Sólo tenía dos opciones. La primera, whisky puro. La segunda —por la que me decidí nueve días más tarde—, marcar su número.

—¿Sí?

—Hola, Bonnie. Soy Easy.

Hubo un largo silencio.

—Hola.

—Sólo quería saludarte —dije—. Bueno, en realidad… tenía ganas de verte.

—Lo siento, Easy, pero me voy a París esta noche.

—¿Para siempre?

—No, sólo unos días. De todos modos voy a cambiar mi ciudad de residencia y regresaré a París a finales de mes. Seguiré haciendo esta ruta pero viviré allí.

—Aja.

—Bueno —dijo—. Tengo que ir preparándome.

—Sí, pero…

—¿Pero qué, Easy?

—Pero yo necesito verte, Bonnie. Lo necesito de veras. Puedo hablar contigo y lo necesito, por favor.

Sólo podía esperar que Bonnie comprendiera cuánto me costaba implorarle.
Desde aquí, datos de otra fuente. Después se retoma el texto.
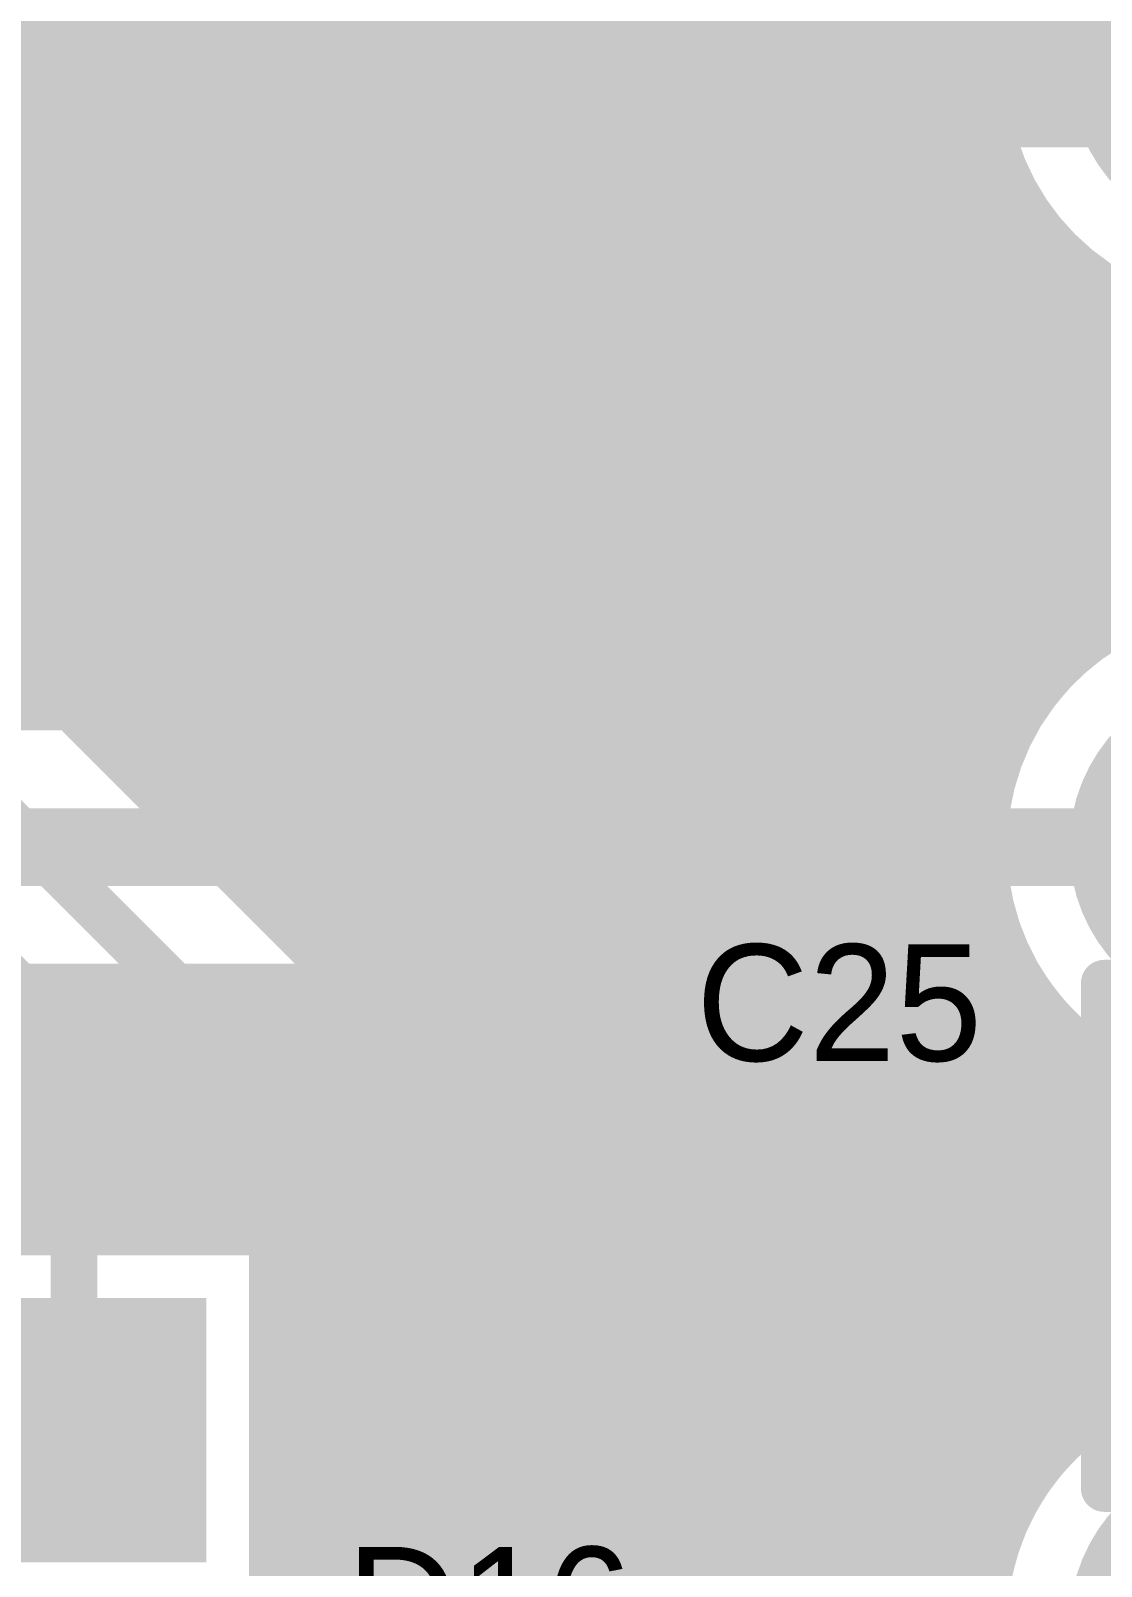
# Model space of a CAD drawing. Header units: millimetres. Extents: x 1.9 to 5.81, y 3 to 5.61.
# Drawn here: x 5.3888 to 5.6642, y 3.515 to 3.91 of the extents above; entities that cross this region are included whole.
import ezdxf

# ---------------------------------------------------------------- set-up
doc = ezdxf.new("R2010")
doc.units = ezdxf.units.MM
doc.header["$MEASUREMENT"] = 0
for name, color, linetype in [('BottomLayer', 5, 'Continuous'), ('BottomSolder', 6, 'Continuous'), ('MultiLayer', 9, 'Continuous'), ('TopLayer', 1, 'Continuous'), ('TopOverlay', 2, 'Continuous'), ('TopPaste', 8, 'Continuous'), ('TopSolder', 216, 'Continuous')]:
    doc.layers.add(name, color=color, linetype=linetype)

msp = doc.modelspace()

# ---------------------------------------------------------------- linework, layer by layer
at = {"layer": 'BottomLayer'}
for points, const_width in [([(5.39, 3.735), (5.39, 4.095)], 0.01), ([(5.4, 3.735), (5.4, 4.095)], 0.01), ([(5.41, 3.735), (5.41, 4.095)], 0.01), ([(5.42, 3.735), (5.42, 4.095)], 0.01), ([(5.43, 3.735), (5.43, 4.095)], 0.01), ([(5.44, 3.735), (5.44, 4.0905)], 0.01), ([(5.45, 3.735), (5.45, 4.0805)], 0.01), ([(5.46, 3.735), (5.46, 4.07128)], 0.01), ([(5.47, 3.735), (5.47, 4.06646)], 0.01), ([(5.48, 3.735), (5.48, 4.065)], 0.01), ([(5.49, 3.735), (5.49, 4.065)], 0.01), ([(5.5, 3.735), (5.5, 4.065)], 0.01), ([(5.51, 3.735), (5.51, 4.065)], 0.01), ([(5.52, 3.735), (5.52, 4.065)], 0.01), ([(5.53, 3.735), (5.53, 4.065)], 0.01), ([(5.54, 3.735), (5.54, 4.065)], 0.01), ([(5.55, 3.735), (5.55, 4.065)], 0.01), ([(5.56, 3.735), (5.56, 4.065)], 0.01), ([(5.57, 3.735), (5.57, 4.065)], 0.01), ([(5.58, 3.735), (5.58, 4.065)], 0.01), ([(5.59, 3.735), (5.59, 4.065)], 0.01), ([(5.6, 3.735), (5.6, 4.065)], 0.01), ([(5.61, 3.735), (5.61, 4.065)], 0.01), ([(5.62, 3.735), (5.62, 4.065)], 0.01), ([(5.63, 3.735), (5.63, 4.065)], 0.01), ([(5.34854, 3.91), (5.63577, 3.91)], 0.01), ([(5.64, 3.9), (5.7, 3.9)], 0.02), ([(5.33562, 3.9), (5.635, 3.9)], 0.01), ([(4.995, 3.89), (5.63577, 3.89)], 0.01), ([(4.995, 3.88), (5.63815, 3.88)], 0.01), ([(5.64, 3.735), (5.64, 3.875)], 0.01), ([(4.9695, 3.87), (5.64234, 3.87)], 0.01), ([(4.96387, 3.86), (5.64877, 3.86)], 0.01), ([(5.65, 3.74153), (5.65, 3.85847)], 0.01), ([(4.96031, 3.85), (5.65847, 3.85)], 0.01), ([(5.66, 3.75123), (5.66, 3.84877)], 0.01), ([(4.95354, 3.84), (5.675, 3.84)], 0.01), ([(4.94062, 3.83), (5.77, 3.83)], 0.01), ([(4.68031, 3.82), (5.77, 3.82)], 0.01), ([(4.68387, 3.81), (5.77, 3.81)], 0.01), ([(4.685, 3.8), (5.77, 3.8)], 0.01), ([(4.68387, 3.79), (5.77, 3.79)], 0.01), ([(4.68031, 3.78), (5.77, 3.78)], 0.01), ([(4.67354, 3.77), (5.77, 3.77)], 0.01), ([(4.66062, 3.76), (5.675, 3.76)], 0.01), ([(4.6395, 3.75), (5.65847, 3.75)], 0.01), ([(4.6295, 3.74), (5.64877, 3.74)], 0.01), ([(5.245, 3.735), (5.64523, 3.735)], 0.01), ([(5.245, 3.7), (5.7, 3.7)], 0.02), ([(5.2595, 3.665), (5.64523, 3.665)], 0.01), ([(5.39, 3.605), (5.39, 3.665)], 0.01), ([(5.4, 3.605), (5.4, 3.665)], 0.01), ([(5.41, 3.605), (5.41, 3.665)], 0.01), ([(5.42, 3.605), (5.42, 3.665)], 0.01), ([(5.43, 3.605), (5.43, 3.665)], 0.01), ([(5.44, 3.605), (5.44, 3.665)], 0.01), ([(5.45, 3.605), (5.45, 3.665)], 0.01), ([(5.46, 3.03), (5.46, 3.665)], 0.01), ([(5.47, 3.03), (5.47, 3.665)], 0.01), ([(5.48, 3.03), (5.48, 3.665)], 0.01), ([(5.49, 3.03), (5.49, 3.665)], 0.01), ([(5.5, 3.03), (5.5, 3.665)], 0.01), ([(5.51, 3.03), (5.51, 3.665)], 0.01), ([(5.52, 3.03), (5.52, 3.665)], 0.01), ([(5.53, 3.03), (5.53, 3.665)], 0.01), ([(5.54, 3.03), (5.54, 3.665)], 0.01), ([(5.55, 3.03), (5.55, 3.665)], 0.01), ([(5.56, 3.03), (5.56, 3.665)], 0.01), ([(5.57, 3.03), (5.57, 3.665)], 0.01), ([(5.58, 3.03), (5.58, 3.665)], 0.01), ([(5.59, 3.03), (5.59, 3.665)], 0.01), ([(5.6, 3.03), (5.6, 3.665)], 0.01), ([(5.61, 3.13041), (5.61, 3.665)], 0.01), ([(5.62, 3.15123), (5.62, 3.665)], 0.01), ([(5.63, 3.16423), (5.63, 3.665)], 0.01), ([(5.64, 3.525), (5.64, 3.665)], 0.01), ([(5.2545, 3.66), (5.64877, 3.66)], 0.01), ([(5.65, 3.54153), (5.65, 3.65847)], 0.01), ([(5.2445, 3.65), (5.65847, 3.65)], 0.01), ([(5.66, 3.55123), (5.66, 3.64877)], 0.01), ([(5.2345, 3.64), (5.675, 3.64)], 0.01), ([(5.2245, 3.63), (5.77, 3.63)], 0.01), ([(5.2145, 3.62), (5.77, 3.62)], 0.01), ([(5.2045, 3.61), (5.77, 3.61)], 0.01), ([(5.345, 3.605), (5.455, 3.605)], 0.01), ([(5.455, 3.495), (5.455, 3.605)], 0.01), ([(5.455, 3.6), (5.77, 3.6)], 0.01), ([(5.455, 3.59), (5.77, 3.59)], 0.01), ([(5.455, 3.58), (5.77, 3.58)], 0.01), ([(5.455, 3.57), (5.77, 3.57)], 0.01), ([(5.455, 3.56), (5.675, 3.56)], 0.01), ([(5.455, 3.55), (5.65847, 3.55)], 0.01), ([(5.455, 3.54), (5.64877, 3.54)], 0.01), ([(5.455, 3.53), (5.64234, 3.53)], 0.01), ([(5.455, 3.52), (5.63815, 3.52)], 0.01), ([(5.455, 3.51), (5.63577, 3.51)], 0.01)]:
    msp.add_lwpolyline(points, dxfattribs=dict(at, const_width=const_width))
for points, const_width in [([(5.765, 3.9, 1), (5.635, 3.9, 1)], 0.01), ([(5.68, 3.9, 1), (5.72, 3.9, 1)], 0.04), ([(5.63327, 3.91, 1), (5.63827, 3.91, 1)], 0.005), ([(5.635, 3.9, 1), (5.645, 3.9, 1)], 0.01), ([(5.6325, 3.9, 1), (5.6375, 3.9, 1)], 0.005), ([(5.6325, 3.9, 1), (5.6375, 3.9, 1)], 0.005), ([(5.63327, 3.89, 1), (5.63827, 3.89, 1)], 0.005), ([(5.63565, 3.88, 1), (5.64065, 3.88, 1)], 0.005), ([(5.6375, 3.875, 1), (5.6425, 3.875, 1)], 0.005), ([(5.63984, 3.87, 1), (5.64484, 3.87, 1)], 0.005), ([(5.64627, 3.86, 1), (5.65127, 3.86, 1)], 0.005), ([(5.6475, 3.85847, 1), (5.6525, 3.85847, 1)], 0.005), ([(5.65597, 3.85, 1), (5.66097, 3.85, 1)], 0.005), ([(5.6575, 3.84877, 1), (5.6625, 3.84877, 1)], 0.005), ([(5.65597, 3.75, 1), (5.66097, 3.75, 1)], 0.005), ([(5.6575, 3.75123, 1), (5.6625, 3.75123, 1)], 0.005), ([(5.64627, 3.74, 1), (5.65127, 3.74, 1)], 0.005), ([(5.6475, 3.74153, 1), (5.6525, 3.74153, 1)], 0.005), ([(5.3875, 3.735, 1), (5.3925, 3.735, 1)], 0.005), ([(5.3975, 3.735, 1), (5.4025, 3.735, 1)], 0.005), ([(5.4075, 3.735, 1), (5.4125, 3.735, 1)], 0.005), ([(5.4175, 3.735, 1), (5.4225, 3.735, 1)], 0.005), ([(5.4275, 3.735, 1), (5.4325, 3.735, 1)], 0.005), ([(5.4375, 3.735, 1), (5.4425, 3.735, 1)], 0.005), ([(5.4475, 3.735, 1), (5.4525, 3.735, 1)], 0.005), ([(5.4575, 3.735, 1), (5.4625, 3.735, 1)], 0.005), ([(5.4675, 3.735, 1), (5.4725, 3.735, 1)], 0.005), ([(5.4775, 3.735, 1), (5.4825, 3.735, 1)], 0.005), ([(5.4875, 3.735, 1), (5.4925, 3.735, 1)], 0.005), ([(5.4975, 3.735, 1), (5.5025, 3.735, 1)], 0.005), ([(5.5075, 3.735, 1), (5.5125, 3.735, 1)], 0.005), ([(5.5175, 3.735, 1), (5.5225, 3.735, 1)], 0.005), ([(5.5275, 3.735, 1), (5.5325, 3.735, 1)], 0.005), ([(5.5375, 3.735, 1), (5.5425, 3.735, 1)], 0.005), ([(5.5475, 3.735, 1), (5.5525, 3.735, 1)], 0.005), ([(5.5575, 3.735, 1), (5.5625, 3.735, 1)], 0.005), ([(5.5675, 3.735, 1), (5.5725, 3.735, 1)], 0.005), ([(5.5775, 3.735, 1), (5.5825, 3.735, 1)], 0.005), ([(5.5875, 3.735, 1), (5.5925, 3.735, 1)], 0.005), ([(5.5975, 3.735, 1), (5.6025, 3.735, 1)], 0.005), ([(5.6075, 3.735, 1), (5.6125, 3.735, 1)], 0.005), ([(5.6175, 3.735, 1), (5.6225, 3.735, 1)], 0.005), ([(5.6275, 3.735, 1), (5.6325, 3.735, 1)], 0.005), ([(5.6375, 3.735, 1), (5.6425, 3.735, 1)], 0.005), ([(5.64273, 3.735, 1), (5.64773, 3.735, 1)], 0.005), ([(5.64273, 3.735, 1), (5.64773, 3.735, 1)], 0.005), ([(5.68, 3.7, 1), (5.72, 3.7, 1)], 0.04), ([(5.3875, 3.665, 1), (5.3925, 3.665, 1)], 0.005), ([(5.3975, 3.665, 1), (5.4025, 3.665, 1)], 0.005), ([(5.4075, 3.665, 1), (5.4125, 3.665, 1)], 0.005), ([(5.4175, 3.665, 1), (5.4225, 3.665, 1)], 0.005), ([(5.4275, 3.665, 1), (5.4325, 3.665, 1)], 0.005), ([(5.4375, 3.665, 1), (5.4425, 3.665, 1)], 0.005), ([(5.4475, 3.665, 1), (5.4525, 3.665, 1)], 0.005), ([(5.4575, 3.665, 1), (5.4625, 3.665, 1)], 0.005), ([(5.4675, 3.665, 1), (5.4725, 3.665, 1)], 0.005), ([(5.4775, 3.665, 1), (5.4825, 3.665, 1)], 0.005), ([(5.4875, 3.665, 1), (5.4925, 3.665, 1)], 0.005), ([(5.4975, 3.665, 1), (5.5025, 3.665, 1)], 0.005), ([(5.5075, 3.665, 1), (5.5125, 3.665, 1)], 0.005), ([(5.5175, 3.665, 1), (5.5225, 3.665, 1)], 0.005), ([(5.5275, 3.665, 1), (5.5325, 3.665, 1)], 0.005), ([(5.5375, 3.665, 1), (5.5425, 3.665, 1)], 0.005), ([(5.5475, 3.665, 1), (5.5525, 3.665, 1)], 0.005), ([(5.5575, 3.665, 1), (5.5625, 3.665, 1)], 0.005), ([(5.5675, 3.665, 1), (5.5725, 3.665, 1)], 0.005), ([(5.5775, 3.665, 1), (5.5825, 3.665, 1)], 0.005), ([(5.5875, 3.665, 1), (5.5925, 3.665, 1)], 0.005), ([(5.5975, 3.665, 1), (5.6025, 3.665, 1)], 0.005), ([(5.6075, 3.665, 1), (5.6125, 3.665, 1)], 0.005), ([(5.6175, 3.665, 1), (5.6225, 3.665, 1)], 0.005), ([(5.6275, 3.665, 1), (5.6325, 3.665, 1)], 0.005), ([(5.6375, 3.665, 1), (5.6425, 3.665, 1)], 0.005), ([(5.64273, 3.665, 1), (5.64773, 3.665, 1)], 0.005), ([(5.64273, 3.665, 1), (5.64773, 3.665, 1)], 0.005), ([(5.64627, 3.66, 1), (5.65127, 3.66, 1)], 0.005), ([(5.6475, 3.65847, 1), (5.6525, 3.65847, 1)], 0.005), ([(5.65597, 3.65, 1), (5.66097, 3.65, 1)], 0.005), ([(5.6575, 3.64877, 1), (5.6625, 3.64877, 1)], 0.005), ([(5.3875, 3.605, 1), (5.3925, 3.605, 1)], 0.005), ([(5.3975, 3.605, 1), (5.4025, 3.605, 1)], 0.005), ([(5.4075, 3.605, 1), (5.4125, 3.605, 1)], 0.005), ([(5.4175, 3.605, 1), (5.4225, 3.605, 1)], 0.005), ([(5.4275, 3.605, 1), (5.4325, 3.605, 1)], 0.005), ([(5.4375, 3.605, 1), (5.4425, 3.605, 1)], 0.005), ([(5.4475, 3.605, 1), (5.4525, 3.605, 1)], 0.005), ([(5.4525, 3.605, 1), (5.4575, 3.605, 1)], 0.005), ([(5.4525, 3.605, 1), (5.4575, 3.605, 1)], 0.005), ([(5.4525, 3.6, 1), (5.4575, 3.6, 1)], 0.005), ([(5.4525, 3.59, 1), (5.4575, 3.59, 1)], 0.005), ([(5.4525, 3.58, 1), (5.4575, 3.58, 1)], 0.005), ([(5.4525, 3.57, 1), (5.4575, 3.57, 1)], 0.005), ([(5.765, 3.5, 1), (5.635, 3.5, 1)], 0.01), ([(5.4525, 3.56, 1), (5.4575, 3.56, 1)], 0.005), ([(5.6575, 3.55123, 1), (5.6625, 3.55123, 1)], 0.005), ([(5.4525, 3.55, 1), (5.4575, 3.55, 1)], 0.005), ([(5.65597, 3.55, 1), (5.66097, 3.55, 1)], 0.005), ([(5.4525, 3.54, 1), (5.4575, 3.54, 1)], 0.005), ([(5.64627, 3.54, 1), (5.65127, 3.54, 1)], 0.005), ([(5.6475, 3.54153, 1), (5.6525, 3.54153, 1)], 0.005), ([(5.68, 3.5, 1), (5.72, 3.5, 1)], 0.04), ([(5.4525, 3.53, 1), (5.4575, 3.53, 1)], 0.005), ([(5.63984, 3.53, 1), (5.64484, 3.53, 1)], 0.005), ([(5.6375, 3.525, 1), (5.6425, 3.525, 1)], 0.005), ([(5.4525, 3.52, 1), (5.4575, 3.52, 1)], 0.005), ([(5.63565, 3.52, 1), (5.64065, 3.52, 1)], 0.005), ([(5.4525, 3.51, 1), (5.4575, 3.51, 1)], 0.005), ([(5.63327, 3.51, 1), (5.63827, 3.51, 1)], 0.005)]:
    msp.add_lwpolyline(points, format="xyb", close=True, dxfattribs=dict(at, const_width=const_width))
at = {"layer": 'BottomLayer', "const_width": 0.01}
for points in [[(5.64523, 3.735, -0.749601), (5.765, 3.7)], [(5.765, 3.7, -0.749601), (5.64523, 3.665)]]:
    msp.add_lwpolyline(points, format="xyb", dxfattribs=at)
at = {"layer": 'BottomLayer'}
msp.add_solid([(5.43, 3.58), (5.37, 3.58), (5.43, 3.52), (5.37, 3.52)], dxfattribs=at)
at = {"layer": 'BottomSolder', "const_width": 0.044}
for points in [[(5.678, 3.9, 1), (5.722, 3.9, 1)], [(5.678, 3.9, 1), (5.722, 3.9, 1)], [(5.678, 3.7, 1), (5.722, 3.7, 1)], [(5.678, 3.7, 1), (5.722, 3.7, 1)], [(5.678, 3.5, 1), (5.722, 3.5, 1)], [(5.678, 3.5, 1), (5.722, 3.5, 1)]]:
    msp.add_lwpolyline(points, format="xyb", close=True, dxfattribs=at)
at = {"layer": 'BottomSolder'}
msp.add_solid([(5.434, 3.584), (5.366, 3.584), (5.434, 3.516), (5.366, 3.516)], dxfattribs=at)
msp.add_solid([(5.434, 3.584), (5.366, 3.584), (5.434, 3.516), (5.366, 3.516)], dxfattribs=at)
at = {"layer": 'MultiLayer', "const_width": 0.04}
for points in [[(5.68, 3.9, 1), (5.72, 3.9, 1)], [(5.68, 3.7, 1), (5.72, 3.7, 1)], [(5.68, 3.5, 1), (5.72, 3.5, 1)]]:
    msp.add_lwpolyline(points, format="xyb", close=True, dxfattribs=at)
at = {"layer": 'MultiLayer'}
msp.add_solid([(5.43, 3.58), (5.37, 3.58), (5.43, 3.52), (5.37, 3.52)], dxfattribs=at)
at = {"layer": 'TopLayer'}
for points, const_width in [([(5.49, 3.64384), (5.49, 5.57)], 0.01), ([(5.5, 3.63384), (5.5, 5.57)], 0.01), ([(5.51, 3.62384), (5.51, 5.57)], 0.01), ([(5.52, 3.60781), (5.52, 5.57)], 0.01), ([(5.53, 3.03), (5.53, 5.57)], 0.01), ([(5.54, 3.03), (5.54, 5.57)], 0.01), ([(5.55, 3.03), (5.55, 5.57)], 0.01), ([(5.56, 3.03), (5.56, 5.57)], 0.01), ([(5.57, 3.03), (5.57, 5.57)], 0.01), ([(5.58, 3.03), (5.58, 5.57)], 0.01), ([(5.59, 3.03), (5.59, 5.57)], 0.01), ([(5.6, 3.03), (5.6, 5.57)], 0.01), ([(5.61, 3.13041), (5.61, 5.46959)], 0.01), ([(5.62, 3.15123), (5.62, 5.44877)], 0.01), ([(5.63, 3.16423), (5.63, 5.43577)], 0.01), ([(5.43, 4.03), (5.56, 3.9)], 0.04), ([(5.485, 3.865), (5.485, 3.925)], 0.01), ([(5.48, 3.82), (5.56, 3.9)], 0.04), ([(5.565, 3.9), (5.7, 3.9)], 0.04), ([(5.485, 3.91), (5.63577, 3.91)], 0.01), ([(5.64, 3.9), (5.7, 3.9)], 0.02), ([(5.485, 3.9), (5.635, 3.9)], 0.01), ([(5.485, 3.89), (5.63577, 3.89)], 0.01), ([(5.13299, 3.88), (5.44, 3.88)], 0.02), ([(5.485, 3.88), (5.63815, 3.88)], 0.01), ([(5.64, 3.725), (5.64, 3.875)], 0.01), ([(5.485, 3.87), (5.64234, 3.87)], 0.01), ([(5.485, 3.835), (5.485, 3.865)], 0.01), ([(5.485, 3.835), (5.485, 3.865)], 0.01), ([(5.485, 3.86), (5.64877, 3.86)], 0.01), ([(5.65, 3.74153), (5.65, 3.85847)], 0.01), ([(5.485, 3.85), (5.65847, 3.85)], 0.01), ([(5.66, 3.75123), (5.66, 3.84877)], 0.01), ([(5.485, 3.84), (5.675, 3.84)], 0.01), ([(5.44, 3.82), (5.48, 3.82)], 0.04), ([(5.485, 3.775), (5.485, 3.835)], 0.01), ([(5.485, 3.83), (5.77, 3.83)], 0.01), ([(5.44, 3.82), (5.48, 3.82)], 0.02), ([(5.44, 3.78), (5.44, 3.82)], 0.02), ([(5.485, 3.82), (5.77, 3.82)], 0.01), ([(5.485, 3.81), (5.77, 3.81)], 0.01), ([(5.485, 3.8), (5.77, 3.8)], 0.01), ([(5.485, 3.79), (5.77, 3.79)], 0.01), ([(5.485, 3.78), (5.77, 3.78)], 0.01), ([(5.405, 3.775), (5.485, 3.775)], 0.01), ([(5.405, 3.75), (5.405, 3.775)], 0.01), ([(5.41, 3.72384), (5.41, 3.775)], 0.01), ([(5.42, 3.71384), (5.42, 3.775)], 0.01), ([(5.43, 3.70384), (5.43, 3.775)], 0.01), ([(5.44, 3.69384), (5.44, 3.775)], 0.01), ([(5.45, 3.68384), (5.45, 3.775)], 0.01), ([(5.46, 3.67384), (5.46, 3.775)], 0.01), ([(5.47, 3.66384), (5.47, 3.775)], 0.01), ([(5.48, 3.65384), (5.48, 3.775)], 0.01), ([(5.405, 3.77), (5.77, 3.77)], 0.01), ([(5.405, 3.76), (5.675, 3.76)], 0.01), ([(5.401, 3.75), (5.405, 3.75)], 0.01), ([(5.401, 3.75), (5.405, 3.75)], 0.01), ([(5.401, 3.73284), (5.401, 3.75)], 0.01), ([(5.405, 3.75), (5.65847, 3.75)], 0.01), ([(5.401, 3.74), (5.64877, 3.74)], 0.01), ([(5.401, 3.73284), (5.5119, 3.62194)], 0.01), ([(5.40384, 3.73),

—¿Puedes esperar unos días? —dijo, con voz amable.

—Sí. Me parece que hace siglos que estoy esperando. No creo que unos días más me importen.

—Estaré de vuelta el viernes por la mañana. Llámame —dijo.

—¿A qué hora?

—A la hora que tú quieras.

—¿Y podremos hablar?

—Seguro. Si tú crees que puedes… Teniendo en cuenta todo lo que sabes de mí.

—Nada de eso me importa, Bonnie. Yo confío en ti. Sé que hiciste lo que tuviste que hacer.

Ninguno de los dos dijo una sola palabra en cinco minutos.

—Yo también tengo ganas de hablar contigo, Easy.

—Y también podríamos vivir juntos —dije.

—Tal vez.

Cuando colgué me sentí como un astronauta que acabara de completar su órbita a la tierra y que de pronto se veía arrastrado por una nueva fuerza de gravedad hacia una oscuridad limpia y fría.